Extracted data entries:
↓

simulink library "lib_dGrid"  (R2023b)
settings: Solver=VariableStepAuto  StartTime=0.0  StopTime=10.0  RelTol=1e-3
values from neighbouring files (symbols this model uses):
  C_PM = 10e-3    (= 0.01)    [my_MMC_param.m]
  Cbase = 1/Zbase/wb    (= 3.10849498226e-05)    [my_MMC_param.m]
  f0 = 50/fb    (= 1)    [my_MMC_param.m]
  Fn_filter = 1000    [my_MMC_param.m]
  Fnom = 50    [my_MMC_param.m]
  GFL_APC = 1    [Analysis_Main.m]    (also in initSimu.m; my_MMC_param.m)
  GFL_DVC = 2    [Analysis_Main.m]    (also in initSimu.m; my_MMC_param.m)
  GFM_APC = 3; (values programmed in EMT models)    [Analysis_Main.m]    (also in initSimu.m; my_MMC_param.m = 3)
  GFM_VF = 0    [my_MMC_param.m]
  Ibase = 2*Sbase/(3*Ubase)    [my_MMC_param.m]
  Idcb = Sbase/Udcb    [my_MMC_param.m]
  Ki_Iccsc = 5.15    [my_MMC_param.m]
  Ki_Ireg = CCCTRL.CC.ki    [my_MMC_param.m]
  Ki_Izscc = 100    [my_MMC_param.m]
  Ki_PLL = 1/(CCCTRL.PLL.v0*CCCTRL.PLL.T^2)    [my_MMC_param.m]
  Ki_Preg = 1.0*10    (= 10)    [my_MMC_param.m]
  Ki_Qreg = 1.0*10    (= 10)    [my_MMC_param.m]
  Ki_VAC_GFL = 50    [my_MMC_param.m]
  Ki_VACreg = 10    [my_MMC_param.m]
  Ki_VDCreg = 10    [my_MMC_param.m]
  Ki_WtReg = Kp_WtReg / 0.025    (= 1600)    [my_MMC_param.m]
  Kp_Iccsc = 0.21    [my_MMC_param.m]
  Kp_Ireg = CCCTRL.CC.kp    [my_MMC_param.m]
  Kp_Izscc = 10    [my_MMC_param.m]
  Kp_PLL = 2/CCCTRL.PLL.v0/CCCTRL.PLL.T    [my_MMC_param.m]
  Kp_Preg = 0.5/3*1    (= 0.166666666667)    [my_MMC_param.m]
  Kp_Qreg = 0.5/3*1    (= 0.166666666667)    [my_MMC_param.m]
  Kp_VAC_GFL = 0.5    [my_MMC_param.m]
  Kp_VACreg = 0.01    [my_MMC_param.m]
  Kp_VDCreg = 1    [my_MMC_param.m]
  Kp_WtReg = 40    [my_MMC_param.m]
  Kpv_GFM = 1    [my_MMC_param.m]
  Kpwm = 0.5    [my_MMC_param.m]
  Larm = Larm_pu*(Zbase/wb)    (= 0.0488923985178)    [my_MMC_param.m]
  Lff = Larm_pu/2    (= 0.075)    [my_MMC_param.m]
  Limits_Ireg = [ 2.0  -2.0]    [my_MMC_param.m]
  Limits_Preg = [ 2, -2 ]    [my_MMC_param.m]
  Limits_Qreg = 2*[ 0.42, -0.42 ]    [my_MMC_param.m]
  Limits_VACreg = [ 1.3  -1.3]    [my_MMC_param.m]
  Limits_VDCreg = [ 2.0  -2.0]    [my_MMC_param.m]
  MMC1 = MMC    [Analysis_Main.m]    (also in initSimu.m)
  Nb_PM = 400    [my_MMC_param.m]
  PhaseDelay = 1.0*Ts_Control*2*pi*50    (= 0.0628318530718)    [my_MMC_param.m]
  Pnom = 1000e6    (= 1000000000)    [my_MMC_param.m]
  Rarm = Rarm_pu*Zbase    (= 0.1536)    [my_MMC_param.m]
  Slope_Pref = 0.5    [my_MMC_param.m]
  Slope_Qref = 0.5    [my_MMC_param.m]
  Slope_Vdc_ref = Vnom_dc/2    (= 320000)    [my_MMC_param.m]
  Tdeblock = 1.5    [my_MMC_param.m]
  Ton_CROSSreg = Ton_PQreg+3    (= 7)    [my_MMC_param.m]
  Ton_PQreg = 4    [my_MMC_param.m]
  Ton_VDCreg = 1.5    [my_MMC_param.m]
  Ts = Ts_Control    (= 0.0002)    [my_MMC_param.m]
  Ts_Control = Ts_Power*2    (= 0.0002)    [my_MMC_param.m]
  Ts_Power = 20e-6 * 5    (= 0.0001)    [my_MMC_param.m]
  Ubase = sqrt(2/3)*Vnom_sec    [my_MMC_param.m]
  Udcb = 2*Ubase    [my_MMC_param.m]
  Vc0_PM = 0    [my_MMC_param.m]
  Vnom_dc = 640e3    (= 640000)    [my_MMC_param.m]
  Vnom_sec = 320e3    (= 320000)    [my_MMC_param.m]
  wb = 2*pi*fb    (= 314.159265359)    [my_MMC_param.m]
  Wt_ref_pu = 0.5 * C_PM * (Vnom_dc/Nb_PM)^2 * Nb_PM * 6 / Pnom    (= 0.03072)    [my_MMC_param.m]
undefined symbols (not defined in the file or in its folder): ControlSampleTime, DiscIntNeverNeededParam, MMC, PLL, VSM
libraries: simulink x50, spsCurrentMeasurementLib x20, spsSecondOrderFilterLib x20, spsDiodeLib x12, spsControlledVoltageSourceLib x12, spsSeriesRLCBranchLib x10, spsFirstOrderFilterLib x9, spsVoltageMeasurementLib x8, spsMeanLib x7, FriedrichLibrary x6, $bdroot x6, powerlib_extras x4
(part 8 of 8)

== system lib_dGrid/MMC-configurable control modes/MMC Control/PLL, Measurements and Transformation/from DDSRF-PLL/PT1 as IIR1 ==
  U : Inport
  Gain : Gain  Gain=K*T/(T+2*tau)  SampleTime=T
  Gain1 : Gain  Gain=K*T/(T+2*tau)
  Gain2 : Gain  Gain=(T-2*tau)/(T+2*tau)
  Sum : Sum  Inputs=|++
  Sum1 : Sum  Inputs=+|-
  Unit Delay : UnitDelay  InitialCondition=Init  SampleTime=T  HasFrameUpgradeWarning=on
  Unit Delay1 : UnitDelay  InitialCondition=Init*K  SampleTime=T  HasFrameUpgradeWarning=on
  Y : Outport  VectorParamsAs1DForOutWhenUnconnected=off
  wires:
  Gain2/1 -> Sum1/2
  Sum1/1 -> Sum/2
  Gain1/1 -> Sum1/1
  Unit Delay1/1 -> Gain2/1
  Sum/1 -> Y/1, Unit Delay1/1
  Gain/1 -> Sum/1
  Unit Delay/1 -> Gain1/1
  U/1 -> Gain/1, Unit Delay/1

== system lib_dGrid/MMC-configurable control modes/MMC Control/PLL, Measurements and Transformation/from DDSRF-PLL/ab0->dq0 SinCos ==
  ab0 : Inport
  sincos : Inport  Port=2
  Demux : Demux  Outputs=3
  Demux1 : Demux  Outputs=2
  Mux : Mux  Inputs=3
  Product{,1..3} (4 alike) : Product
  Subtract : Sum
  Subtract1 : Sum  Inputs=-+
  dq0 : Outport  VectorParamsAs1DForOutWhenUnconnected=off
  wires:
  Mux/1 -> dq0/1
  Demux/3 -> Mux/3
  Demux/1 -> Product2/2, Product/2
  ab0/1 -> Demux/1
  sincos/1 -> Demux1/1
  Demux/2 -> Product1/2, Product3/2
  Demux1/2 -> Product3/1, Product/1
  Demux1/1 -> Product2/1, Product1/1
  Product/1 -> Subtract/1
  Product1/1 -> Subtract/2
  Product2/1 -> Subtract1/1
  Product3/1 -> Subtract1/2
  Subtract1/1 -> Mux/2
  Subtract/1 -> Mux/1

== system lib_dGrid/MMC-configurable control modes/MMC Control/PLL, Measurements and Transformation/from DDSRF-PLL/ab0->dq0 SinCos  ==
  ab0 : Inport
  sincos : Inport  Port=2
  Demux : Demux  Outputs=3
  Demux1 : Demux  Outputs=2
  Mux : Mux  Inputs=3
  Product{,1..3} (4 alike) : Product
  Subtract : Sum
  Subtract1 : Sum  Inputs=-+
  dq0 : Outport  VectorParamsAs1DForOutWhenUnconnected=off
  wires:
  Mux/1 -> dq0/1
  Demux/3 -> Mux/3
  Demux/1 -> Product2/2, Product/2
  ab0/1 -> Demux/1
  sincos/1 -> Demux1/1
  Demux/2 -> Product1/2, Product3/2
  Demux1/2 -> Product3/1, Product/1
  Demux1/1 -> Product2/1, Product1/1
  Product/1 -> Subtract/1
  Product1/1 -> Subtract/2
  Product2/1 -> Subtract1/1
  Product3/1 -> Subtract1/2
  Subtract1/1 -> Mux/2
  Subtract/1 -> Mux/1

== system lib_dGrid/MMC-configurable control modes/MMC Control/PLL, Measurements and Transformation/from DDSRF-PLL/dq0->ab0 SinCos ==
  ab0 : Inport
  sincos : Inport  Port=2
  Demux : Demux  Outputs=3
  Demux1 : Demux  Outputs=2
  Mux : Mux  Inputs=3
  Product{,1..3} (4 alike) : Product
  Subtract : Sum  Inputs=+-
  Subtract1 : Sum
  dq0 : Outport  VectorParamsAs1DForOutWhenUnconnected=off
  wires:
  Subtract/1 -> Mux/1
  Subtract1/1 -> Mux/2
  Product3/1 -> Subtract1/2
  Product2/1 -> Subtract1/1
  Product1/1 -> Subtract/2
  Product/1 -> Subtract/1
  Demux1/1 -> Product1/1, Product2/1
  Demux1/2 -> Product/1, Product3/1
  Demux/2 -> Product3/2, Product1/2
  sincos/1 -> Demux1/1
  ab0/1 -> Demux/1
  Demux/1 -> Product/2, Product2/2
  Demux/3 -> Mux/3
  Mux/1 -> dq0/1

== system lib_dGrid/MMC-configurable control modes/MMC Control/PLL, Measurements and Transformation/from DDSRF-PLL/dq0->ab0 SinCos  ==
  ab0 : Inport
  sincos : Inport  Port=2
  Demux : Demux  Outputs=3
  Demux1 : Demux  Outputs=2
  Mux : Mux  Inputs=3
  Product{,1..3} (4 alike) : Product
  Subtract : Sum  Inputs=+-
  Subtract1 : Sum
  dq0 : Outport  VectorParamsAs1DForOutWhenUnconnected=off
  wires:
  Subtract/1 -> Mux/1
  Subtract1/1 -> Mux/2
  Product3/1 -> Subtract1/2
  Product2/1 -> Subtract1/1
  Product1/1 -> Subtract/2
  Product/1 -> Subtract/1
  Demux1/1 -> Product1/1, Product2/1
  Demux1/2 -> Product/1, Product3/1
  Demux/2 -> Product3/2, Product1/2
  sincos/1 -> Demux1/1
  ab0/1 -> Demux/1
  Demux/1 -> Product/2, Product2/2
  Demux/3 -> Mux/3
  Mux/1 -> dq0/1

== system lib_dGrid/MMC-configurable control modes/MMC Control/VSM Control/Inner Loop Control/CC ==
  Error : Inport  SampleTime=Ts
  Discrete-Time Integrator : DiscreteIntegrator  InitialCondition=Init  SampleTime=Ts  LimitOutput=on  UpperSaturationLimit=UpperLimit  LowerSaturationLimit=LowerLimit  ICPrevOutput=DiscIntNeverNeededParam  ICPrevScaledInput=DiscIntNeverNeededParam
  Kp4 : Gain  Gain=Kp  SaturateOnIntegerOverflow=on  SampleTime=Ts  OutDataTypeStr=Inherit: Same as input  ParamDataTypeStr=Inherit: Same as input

↑

## [ACTION ITEM]
Leave out every line above except those from the line with "GFL_DVC = 2" up to and including the line with "Slope_Pref = 0.5", and copy those exactly.

## [TASK OUTPUT]
  GFL_DVC = 2    [Analysis_Main.m]    (also in initSimu.m; my_MMC_param.m)
  GFM_APC = 3; (values programmed in EMT models)    [Analysis_Main.m]    (also in initSimu.m; my_MMC_param.m = 3)
  GFM_VF = 0    [my_MMC_param.m]
  Ibase = 2*Sbase/(3*Ubase)    [my_MMC_param.m]
  Idcb = Sbase/Udcb    [my_MMC_param.m]
  Ki_Iccsc = 5.15    [my_MMC_param.m]
  Ki_Ireg = CCCTRL.CC.ki    [my_MMC_param.m]
  Ki_Izscc = 100    [my_MMC_param.m]
  Ki_PLL = 1/(CCCTRL.PLL.v0*CCCTRL.PLL.T^2)    [my_MMC_param.m]
  Ki_Preg = 1.0*10    (= 10)    [my_MMC_param.m]
  Ki_Qreg = 1.0*10    (= 10)    [my_MMC_param.m]
  Ki_VAC_GFL = 50    [my_MMC_param.m]
  Ki_VACreg = 10    [my_MMC_param.m]
  Ki_VDCreg = 10    [my_MMC_param.m]
  Ki_WtReg = Kp_WtReg / 0.025    (= 1600)    [my_MMC_param.m]
  Kp_Iccsc = 0.21    [my_MMC_param.m]
  Kp_Ireg = CCCTRL.CC.kp    [my_MMC_param.m]
  Kp_Izscc = 10    [my_MMC_param.m]
  Kp_PLL = 2/CCCTRL.PLL.v0/CCCTRL.PLL.T    [my_MMC_param.m]
  Kp_Preg = 0.5/3*1    (= 0.166666666667)    [my_MMC_param.m]
  Kp_Qreg = 0.5/3*1    (= 0.166666666667)    [my_MMC_param.m]
  Kp_VAC_GFL = 0.5    [my_MMC_param.m]
  Kp_VACreg = 0.01    [my_MMC_param.m]
  Kp_VDCreg = 1    [my_MMC_param.m]
  Kp_WtReg = 40    [my_MMC_param.m]
  Kpv_GFM = 1    [my_MMC_param.m]
  Kpwm = 0.5    [my_MMC_param.m]
  Larm = Larm_pu*(Zbase/wb)    (= 0.0488923985178)    [my_MMC_param.m]
  Lff = Larm_pu/2    (= 0.075)    [my_MMC_param.m]
  Limits_Ireg = [ 2.0  -2.0]    [my_MMC_param.m]
  Limits_Preg = [ 2, -2 ]    [my_MMC_param.m]
  Limits_Qreg = 2*[ 0.42, -0.42 ]    [my_MMC_param.m]
  Limits_VACreg = [ 1.3  -1.3]    [my_MMC_param.m]
  Limits_VDCreg = [ 2.0  -2.0]    [my_MMC_param.m]
  MMC1 = MMC    [Analysis_Main.m]    (also in initSimu.m)
  Nb_PM = 400    [my_MMC_param.m]
  PhaseDelay = 1.0*Ts_Control*2*pi*50    (= 0.0628318530718)    [my_MMC_param.m]
  Pnom = 1000e6    (= 1000000000)    [my_MMC_param.m]
  Rarm = Rarm_pu*Zbase    (= 0.1536)    [my_MMC_param.m]
  Slope_Pref = 0.5    [my_MMC_param.m]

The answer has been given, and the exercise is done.